### Work to complete
For the listing below, return the line containing "line L2 (-75, -28.5) -> (-75, 28.5)", the line containing "line L16 (14.6543, -3.2018)", and all lines in between, exactly as written and nothing else.

### Given information
○ ○ ○ ○ ○
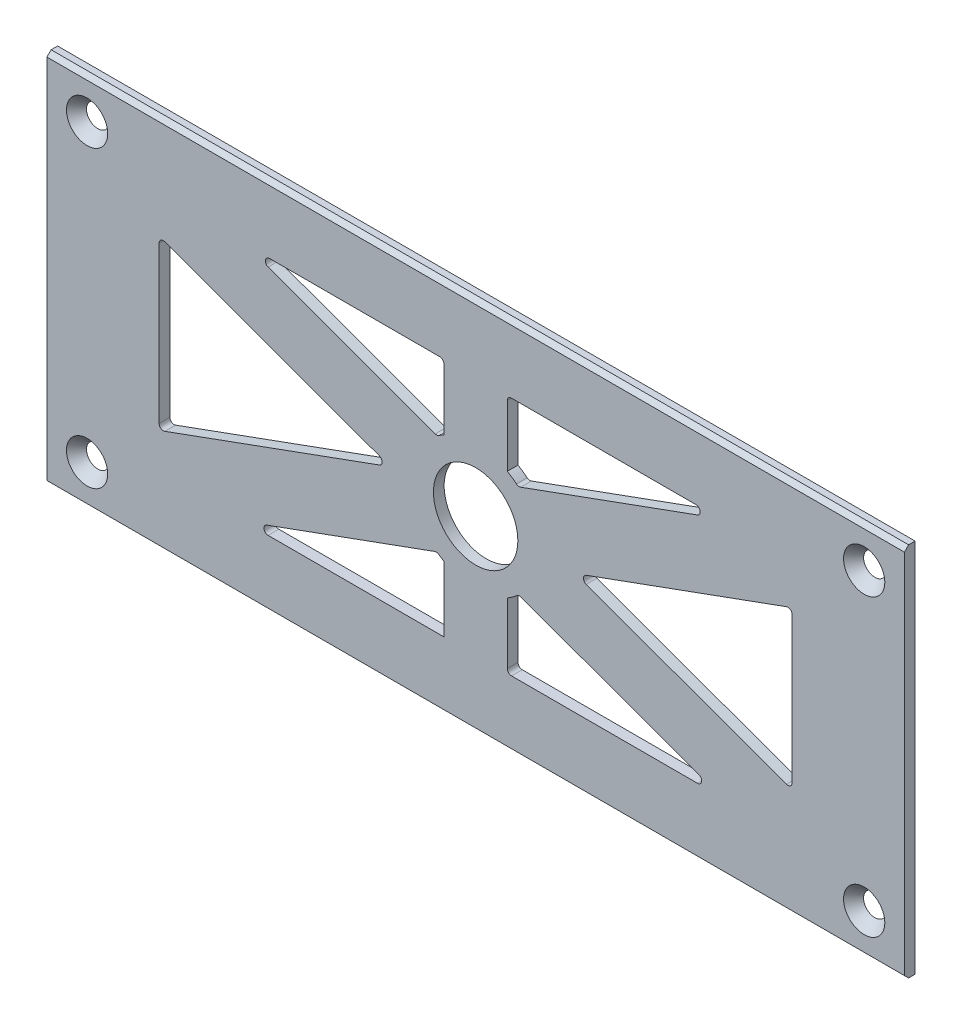
SolidWorks part; units mm, degrees
ref_plane "Front Plane" through (0, 0, 0) normal (0, 0, 1) x (1, 0, 0)
ref_plane "Top Plane" through (0, 0, 0) normal (0, 1, 0) x (1, 0, 0)
ref_plane "Right Plane" through (0, 0, 0) normal (1, 0, 0) x (0, 0, -1)
sketch "Sketch2" plane through (0, 0, 0) normal (0, 0, 1) x (1, 0, 0)
  line L1 (-101.6, -44.45) -> (101.6, -44.45)
  line L2 (-101.6, -44.45) -> (-101.6, 44.45)
  line L3 (-101.6, 44.45) -> (101.6, 44.45)
  line L4 (101.6, -44.45) -> (101.6, 44.45)
  line L5 (-101.6, -44.45) -> (101.6, 44.45) construction
  line L6 (-101.6, 44.45) -> (101.6, -44.45) construction
  circle A19 centre (0, 0) radius 10
  point P0 (0, 0)
  dimension "D6" = 20
  dimension "D2" = 88.9
  dimension "D4" = 203.2
extrude "Boss-Extrude1" add sketch "Sketch2" along normal mid plane 2.54
sketch "Sketch3" plane through (0, 0, 1.27) normal (0, 0, 1) x (1, 0, 0)
  line L0 (-101.6, 34.925) -> (-92.075, 34.925) construction
  line L1 (-101.6, 44.45) -> (-101.6, -44.45) construction
  line L2 (-92.075, 34.925) -> (-92.075, 44.45) construction
  line L3 (101.6, 44.45) -> (-101.6, 44.45) construction
  line L4 (92.075, 44.45) -> (92.075, 34.925) construction
  line L5 (92.075, 34.925) -> (101.6, 34.925) construction
  line L6 (101.6, -44.45) -> (101.6, 44.45) construction
  line L7 (92.075, -44.45) -> (92.075, -34.925) construction
  line L8 (-101.6, -44.45) -> (101.6, -44.45) construction
  line L9 (92.075, -34.925) -> (101.6, -34.925) construction
  line L10 (-92.075, -44.45) -> (-92.075, -34.925) construction
  line L11 (-92.075, -34.925) -> (-101.6, -34.925) construction
  circle A0 centre (-92.075, 34.925) radius 2.5527
  circle A1 centre (-92.075, -34.925) radius 2.5527
  circle A2 centre (92.075, -34.925) radius 2.5527
  circle A3 centre (92.075, 34.925) radius 2.5527
  dimension "D2" = 5.1054
  dimension "D1" = 9.525
extrude "Cut-Extrude1" cut sketch "Sketch3" against normal through all
hole_wizard "CSK for #10 Oval Head Machine Screw1" positions "Sketch5" profile "Sketch6" countersink size "#10" standard "ANSI Inch" end condition through all
sketch "Sketch5" plane through (0, 0, 1.27) normal (0, 0, 1) x (1, 0, 0)
  point P0 (-92.075, 34.925)
  point P3 (-92.075, -34.925)
  point P6 (92.075, -34.925)
  point P9 (92.075, 34.925)
sketch "Sketch6" plane through (-92.075, 34.925, 1.27) normal (1, 0, 0) x (0, -1, 0)
  line L0 (0, 0) -> (0, 2.54)
  line L1 (0, 2.54) -> (2.5527, 2.54)
  line L2 (2.5527, 2.54) -> (2.5527, 2.6882)
  line L3 (2.5527, 2.6882) -> (4.8895, 0)
  line L5 (4.8895, 0) -> (0, 0)
  line L6 (-2.5527, 2.6882) -> (-4.8895, 0) construction
  line L11 (0, -6.35) -> (0, 107.95) construction
  dimension "Thru Hole Dia." = 5.1054
  dimension "Thru Hole Depth" = 2.54
  dimension "Near C'Sink Dia." = 9.779
  dimension "Near C'Sink Angle" = 82
sketch "Sketch7" plane through (0, 0, 1.27) normal (0, 0, 1) x (1, 0, 0)
sketch "Sketch8" plane through (0, 0, 1.27) normal (0, 0, 1) x (1, 0, 0)
  line L0 (-7.5, 12.9904) -> (-7.5, 28.5)
  line L1 (-75, -28.5) -> (75, -28.5)
  line L2 (-75, -28.5) -> (-75, 28.5)
  line L3 (-75, 28.5) -> (75, 28.5)
  line L4 (75, -28.5) -> (75, 28.5)
  line L5 (-75, -28.5) -> (75, 28.5) construction
  line L6 (-75, 28.5) -> (75, -28.5) construction
  line L7 (7.5, 12.9904) -> (7.5, 28.5)
  line L8 (-9.057, 11.9571) -> (-54.5083, 28.5)
  line L9 (-75, 19.9957) -> (-14.881, -1.8858)
  line L10 (10.1873, -11.0099) -> (58.2408, -28.5)
  line L11 (14.6239, 3.3379) -> (75, -18.6372)
  line L12 (-9.1677, -11.8723) -> (-54.8518, -28.5)
  line L13 (-14.8638, 2.0171) -> (-75, -19.8707)
  line L14 (-7.5, -12.9904) -> (-7.5, -28.5)
  line L15 (7.5, -12.9904) -> (7.5, -28.5)
  line L16 (14.6543, -3.2018) -> (75, 18.7622)
  line L17 (10.0897, 11.0995) -> (57.8973, 28.5)
  line L18 (-7.5, -20.7452) -> (7.5, -20.7452)
  line L19 (0, -20.7452) -> (0, -15) construction
  line L20 (-44.9405, 9.0549) -> (-39.8102, 23.1503) construction
  line L21 (-32.0098, -20.1862) -> (-37.1401, -6.0908) construction
  circle A0 centre (0, 0) radius 15
  point P0 (0, 0)
  point P38 (-42.3753, 16.1026)
  point P41 (-34.5749, -13.1385)
  point P42 (67.6569, -28.5)
  dimension "D1" = 30
  dimension "D2" = 150
  dimension "D3" = 57
  dimension "D4" = 20
  dimension "D5" = 20
  dimension "D6" = 15
  dimension "D7" = 15
extrude "Cut-Extrude2" cut sketch "Sketch8" against normal blind 10 contours A0 L12 L1 L14 | A0 L15 L1 L10 | L16 L11 L4 | A0 L17 L3 L7 | A0 L0 L3 L8 | L13 L9 L2 region at (-23.2179, 22.8309, 1.27) region at (24.4329, 22.4776, 1.27) region at (-56.7447, 0.0625, 1.27) region at (57.8743, 0.0625, 1.27) region at (-23.3395, -22.7942, 1.27) region at (24.5577, -22.4427, 1.27)
fillet "Fillet1" radius 1 17 edges at (-54.8518, -28.5, 0) (7.5, -28.5, 0) (-9.1677, -11.8723, 0) (10.1873, -11.0099, 0) (58.2408, -28.5, 0) (75, -18.6372, 0) (75, 18.7622, 0) (23.623, 0.0625, 0) (57.8973, 28.5, 0) (7.5, 28.5, 0) (10.0897, 11.0995, 0) (-54.5083, 28.5, 0) (-7.5, 28.5, 0) (-9.057, 11.9571, 0) (-20.234, 0.0625, 0) (-75, -19.8707, 0) (-75, 19.9957, 0)
chamfer "Chamfer1" distance 1 angle 45 2 edges at (0, -44.45, 1.27) (0, 44.45, 1.27)
○ ○ ○ ○ ○
### Exercise solution
  line L2 (-75, -28.5) -> (-75, 28.5)
  line L3 (-75, 28.5) -> (75, 28.5)
  line L4 (75, -28.5) -> (75, 28.5)
  line L5 (-75, -28.5) -> (75, 28.5) construction
  line L6 (-75, 28.5) -> (75, -28.5) construction
  line L7 (7.5, 12.9904) -> (7.5, 28.5)
  line L8 (-9.057, 11.9571) -> (-54.5083, 28.5)
  line L9 (-75, 19.9957) -> (-14.881, -1.8858)
  line L10 (10.1873, -11.0099) -> (58.2408, -28.5)
  line L11 (14.6239, 3.3379) -> (75, -18.6372)
  line L12 (-9.1677, -11.8723) -> (-54.8518, -28.5)
  line L13 (-14.8638, 2.0171) -> (-75, -19.8707)
  line L14 (-7.5, -12.9904) -> (-7.5, -28.5)
  line L15 (7.5, -12.9904) -> (7.5, -28.5)
  line L16 (14.6543, -3.2018) -> (75, 18.7622)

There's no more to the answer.